**Work item**
Copy each line below word for word and drop every image.

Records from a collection
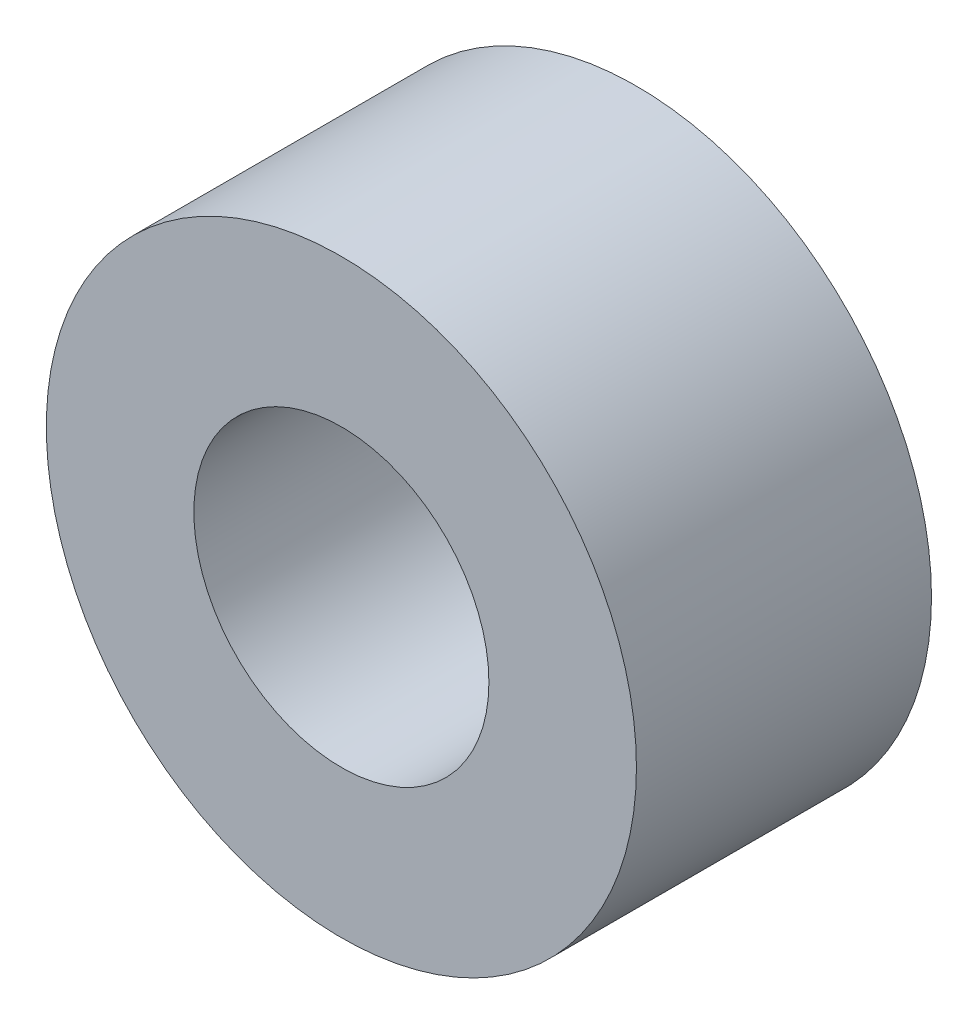
from build123d import *

# Parameters (mm, degrees)
SKETCH_1_R      = 10
SKETCH_1_R_2    = 5
EXTRUDE_1_DEPTH = 10


with BuildPart() as part:
    # 草图1 → 凸台-拉伸1 (new body)
    with BuildSketch(Plane.XY):
        Circle(SKETCH_1_R)
        Circle(SKETCH_1_R_2, mode=Mode.SUBTRACT)
    extrude(amount=EXTRUDE_1_DEPTH)


solid = part.part

**Output for this exercise**
from build123d import *

# Parameters (mm, degrees)
SKETCH_1_R      = 10
SKETCH_1_R_2    = 5
EXTRUDE_1_DEPTH = 10


with BuildPart() as part:
    # 草图1 → 凸台-拉伸1 (new body)
    with BuildSketch(Plane.XY):
        Circle(SKETCH_1_R)
        Circle(SKETCH_1_R_2, mode=Mode.SUBTRACT)
    extrude(amount=EXTRUDE_1_DEPTH)


solid = part.part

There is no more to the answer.